=== Records for this task ===

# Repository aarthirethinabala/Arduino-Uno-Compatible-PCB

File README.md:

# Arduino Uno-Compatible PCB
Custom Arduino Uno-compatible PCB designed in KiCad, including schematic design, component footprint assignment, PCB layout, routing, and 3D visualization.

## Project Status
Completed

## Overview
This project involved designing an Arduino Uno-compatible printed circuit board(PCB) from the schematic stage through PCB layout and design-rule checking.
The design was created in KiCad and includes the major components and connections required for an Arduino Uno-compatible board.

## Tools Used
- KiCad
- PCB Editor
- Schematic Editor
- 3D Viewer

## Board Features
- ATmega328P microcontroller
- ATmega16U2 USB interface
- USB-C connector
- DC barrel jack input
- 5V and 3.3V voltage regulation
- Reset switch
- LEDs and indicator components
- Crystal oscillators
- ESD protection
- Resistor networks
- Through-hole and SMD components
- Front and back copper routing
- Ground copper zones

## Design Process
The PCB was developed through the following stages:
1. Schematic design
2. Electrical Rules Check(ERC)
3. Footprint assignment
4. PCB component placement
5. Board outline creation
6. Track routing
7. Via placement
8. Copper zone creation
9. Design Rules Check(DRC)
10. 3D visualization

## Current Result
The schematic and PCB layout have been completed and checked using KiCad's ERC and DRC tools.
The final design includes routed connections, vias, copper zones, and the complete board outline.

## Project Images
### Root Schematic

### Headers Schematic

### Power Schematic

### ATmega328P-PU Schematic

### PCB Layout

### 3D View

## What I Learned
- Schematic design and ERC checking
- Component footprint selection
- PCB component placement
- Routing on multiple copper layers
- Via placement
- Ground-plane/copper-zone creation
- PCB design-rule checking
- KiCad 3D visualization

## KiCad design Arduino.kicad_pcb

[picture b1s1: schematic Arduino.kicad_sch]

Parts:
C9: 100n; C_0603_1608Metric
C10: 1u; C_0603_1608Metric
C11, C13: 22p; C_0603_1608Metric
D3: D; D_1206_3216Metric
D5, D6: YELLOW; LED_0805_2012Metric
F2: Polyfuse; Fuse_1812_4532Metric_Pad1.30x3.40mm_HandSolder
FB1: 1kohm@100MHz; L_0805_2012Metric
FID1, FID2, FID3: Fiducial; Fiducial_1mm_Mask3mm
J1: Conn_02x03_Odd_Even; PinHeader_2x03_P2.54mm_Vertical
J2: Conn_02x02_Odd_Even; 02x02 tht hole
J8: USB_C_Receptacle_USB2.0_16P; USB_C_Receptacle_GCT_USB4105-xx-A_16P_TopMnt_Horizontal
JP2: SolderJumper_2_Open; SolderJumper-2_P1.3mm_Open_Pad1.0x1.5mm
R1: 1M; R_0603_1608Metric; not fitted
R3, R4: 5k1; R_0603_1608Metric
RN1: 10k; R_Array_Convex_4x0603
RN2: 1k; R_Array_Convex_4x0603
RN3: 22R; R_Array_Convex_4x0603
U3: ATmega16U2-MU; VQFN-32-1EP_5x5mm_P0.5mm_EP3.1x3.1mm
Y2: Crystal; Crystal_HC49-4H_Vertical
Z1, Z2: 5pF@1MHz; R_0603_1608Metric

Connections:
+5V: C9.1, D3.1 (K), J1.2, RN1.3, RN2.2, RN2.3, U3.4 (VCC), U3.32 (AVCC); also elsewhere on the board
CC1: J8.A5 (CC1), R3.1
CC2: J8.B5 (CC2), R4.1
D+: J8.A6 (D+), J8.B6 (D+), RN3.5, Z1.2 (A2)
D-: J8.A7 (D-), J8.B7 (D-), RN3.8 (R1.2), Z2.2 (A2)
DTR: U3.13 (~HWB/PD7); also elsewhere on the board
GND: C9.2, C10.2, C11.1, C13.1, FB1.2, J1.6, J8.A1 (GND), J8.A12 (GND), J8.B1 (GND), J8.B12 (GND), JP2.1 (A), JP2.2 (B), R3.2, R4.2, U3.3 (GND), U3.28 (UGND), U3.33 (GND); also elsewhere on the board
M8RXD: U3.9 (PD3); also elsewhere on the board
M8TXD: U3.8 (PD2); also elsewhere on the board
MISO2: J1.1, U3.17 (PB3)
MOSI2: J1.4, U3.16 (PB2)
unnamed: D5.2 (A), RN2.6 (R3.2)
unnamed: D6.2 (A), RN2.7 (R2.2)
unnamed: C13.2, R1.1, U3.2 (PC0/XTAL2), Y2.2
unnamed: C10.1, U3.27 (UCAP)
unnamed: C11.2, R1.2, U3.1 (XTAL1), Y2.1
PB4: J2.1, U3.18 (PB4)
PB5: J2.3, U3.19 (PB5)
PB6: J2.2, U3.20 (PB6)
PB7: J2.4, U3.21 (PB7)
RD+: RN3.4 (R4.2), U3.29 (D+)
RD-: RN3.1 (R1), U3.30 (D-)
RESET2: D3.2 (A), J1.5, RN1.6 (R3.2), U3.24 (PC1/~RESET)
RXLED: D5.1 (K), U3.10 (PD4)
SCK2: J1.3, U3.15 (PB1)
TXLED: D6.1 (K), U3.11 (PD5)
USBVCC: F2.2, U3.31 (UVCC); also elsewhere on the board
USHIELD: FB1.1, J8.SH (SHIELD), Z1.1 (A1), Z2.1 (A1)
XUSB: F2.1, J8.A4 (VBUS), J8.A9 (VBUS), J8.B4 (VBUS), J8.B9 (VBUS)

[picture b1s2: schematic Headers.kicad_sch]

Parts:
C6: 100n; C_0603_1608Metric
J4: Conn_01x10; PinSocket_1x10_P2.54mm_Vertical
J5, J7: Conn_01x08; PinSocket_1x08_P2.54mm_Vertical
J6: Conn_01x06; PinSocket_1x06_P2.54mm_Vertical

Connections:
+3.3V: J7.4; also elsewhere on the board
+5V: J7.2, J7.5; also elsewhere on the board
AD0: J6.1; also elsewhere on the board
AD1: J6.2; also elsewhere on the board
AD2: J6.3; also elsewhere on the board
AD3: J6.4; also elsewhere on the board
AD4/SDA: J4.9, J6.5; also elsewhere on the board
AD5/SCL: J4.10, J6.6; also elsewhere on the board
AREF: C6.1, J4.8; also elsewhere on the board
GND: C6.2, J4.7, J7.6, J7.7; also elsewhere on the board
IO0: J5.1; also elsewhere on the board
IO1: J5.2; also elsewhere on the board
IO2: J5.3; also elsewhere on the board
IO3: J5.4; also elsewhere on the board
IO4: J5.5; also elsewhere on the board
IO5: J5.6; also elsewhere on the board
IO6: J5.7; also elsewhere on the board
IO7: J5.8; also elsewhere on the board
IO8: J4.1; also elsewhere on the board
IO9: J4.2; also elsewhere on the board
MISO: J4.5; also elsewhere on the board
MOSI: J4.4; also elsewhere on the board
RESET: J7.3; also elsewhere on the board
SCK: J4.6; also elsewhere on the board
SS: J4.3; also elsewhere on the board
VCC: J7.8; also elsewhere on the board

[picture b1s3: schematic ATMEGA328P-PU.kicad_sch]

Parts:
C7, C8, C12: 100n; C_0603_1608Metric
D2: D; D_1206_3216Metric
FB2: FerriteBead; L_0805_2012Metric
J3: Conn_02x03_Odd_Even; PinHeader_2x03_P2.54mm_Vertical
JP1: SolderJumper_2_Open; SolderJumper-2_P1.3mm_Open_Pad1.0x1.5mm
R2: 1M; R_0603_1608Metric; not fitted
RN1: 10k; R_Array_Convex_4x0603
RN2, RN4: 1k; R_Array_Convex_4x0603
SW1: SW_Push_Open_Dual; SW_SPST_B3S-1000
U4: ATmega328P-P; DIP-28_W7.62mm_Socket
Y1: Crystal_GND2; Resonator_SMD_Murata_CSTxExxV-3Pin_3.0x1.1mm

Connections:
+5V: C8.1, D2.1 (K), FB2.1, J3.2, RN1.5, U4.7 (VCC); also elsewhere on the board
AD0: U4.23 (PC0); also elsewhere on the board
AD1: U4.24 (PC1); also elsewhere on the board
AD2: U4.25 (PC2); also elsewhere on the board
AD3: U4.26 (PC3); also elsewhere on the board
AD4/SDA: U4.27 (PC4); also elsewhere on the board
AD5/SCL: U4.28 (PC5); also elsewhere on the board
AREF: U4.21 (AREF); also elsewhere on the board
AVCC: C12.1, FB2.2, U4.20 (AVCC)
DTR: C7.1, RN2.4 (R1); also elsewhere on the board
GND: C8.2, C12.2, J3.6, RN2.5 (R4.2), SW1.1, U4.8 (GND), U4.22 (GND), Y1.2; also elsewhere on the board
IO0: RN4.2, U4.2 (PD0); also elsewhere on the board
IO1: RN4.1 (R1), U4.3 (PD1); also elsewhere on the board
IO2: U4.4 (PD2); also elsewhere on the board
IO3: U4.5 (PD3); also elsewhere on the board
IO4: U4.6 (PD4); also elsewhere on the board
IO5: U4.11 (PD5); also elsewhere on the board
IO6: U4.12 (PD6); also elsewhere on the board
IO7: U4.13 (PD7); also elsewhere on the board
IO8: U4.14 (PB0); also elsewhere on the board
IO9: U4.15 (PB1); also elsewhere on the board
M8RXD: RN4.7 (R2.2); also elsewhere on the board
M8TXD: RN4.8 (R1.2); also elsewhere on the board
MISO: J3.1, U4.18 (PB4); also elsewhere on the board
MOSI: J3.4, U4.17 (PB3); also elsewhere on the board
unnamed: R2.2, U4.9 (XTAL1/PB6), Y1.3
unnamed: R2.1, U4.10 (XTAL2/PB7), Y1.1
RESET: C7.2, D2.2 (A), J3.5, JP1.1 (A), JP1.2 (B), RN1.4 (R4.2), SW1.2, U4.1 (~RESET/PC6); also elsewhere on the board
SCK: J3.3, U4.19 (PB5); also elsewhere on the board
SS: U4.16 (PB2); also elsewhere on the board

===

What you have to do:
Only one part of the material above is to be transcribed, namely the lines starting with the line that has "J1: Conn_02x03_Odd_Even; PinHeader_2x03_P2.54mm_Vertical" and going on through the line that has "DTR: U3.13 (~HWB/PD7);", exactly as they stand.

Output for this exercise:
J1: Conn_02x03_Odd_Even; PinHeader_2x03_P2.54mm_Vertical
J2: Conn_02x02_Odd_Even; 02x02 tht hole
J8: USB_C_Receptacle_USB2.0_16P; USB_C_Receptacle_GCT_USB4105-xx-A_16P_TopMnt_Horizontal
JP2: SolderJumper_2_Open; SolderJumper-2_P1.3mm_Open_Pad1.0x1.5mm
R1: 1M; R_0603_1608Metric; not fitted
R3, R4: 5k1; R_0603_1608Metric
RN1: 10k; R_Array_Convex_4x0603
RN2: 1k; R_Array_Convex_4x0603
RN3: 22R; R_Array_Convex_4x0603
U3: ATmega16U2-MU; VQFN-32-1EP_5x5mm_P0.5mm_EP3.1x3.1mm
Y2: Crystal; Crystal_HC49-4H_Vertical
Z1, Z2: 5pF@1MHz; R_0603_1608Metric

Connections:
+5V: C9.1, D3.1 (K), J1.2, RN1.3, RN2.2, RN2.3, U3.4 (VCC), U3.32 (AVCC); also elsewhere on the board
CC1: J8.A5 (CC1), R3.1
CC2: J8.B5 (CC2), R4.1
D+: J8.A6 (D+), J8.B6 (D+), RN3.5, Z1.2 (A2)
D-: J8.A7 (D-), J8.B7 (D-), RN3.8 (R1.2), Z2.2 (A2)
DTR: U3.13 (~HWB/PD7); also elsewhere on the board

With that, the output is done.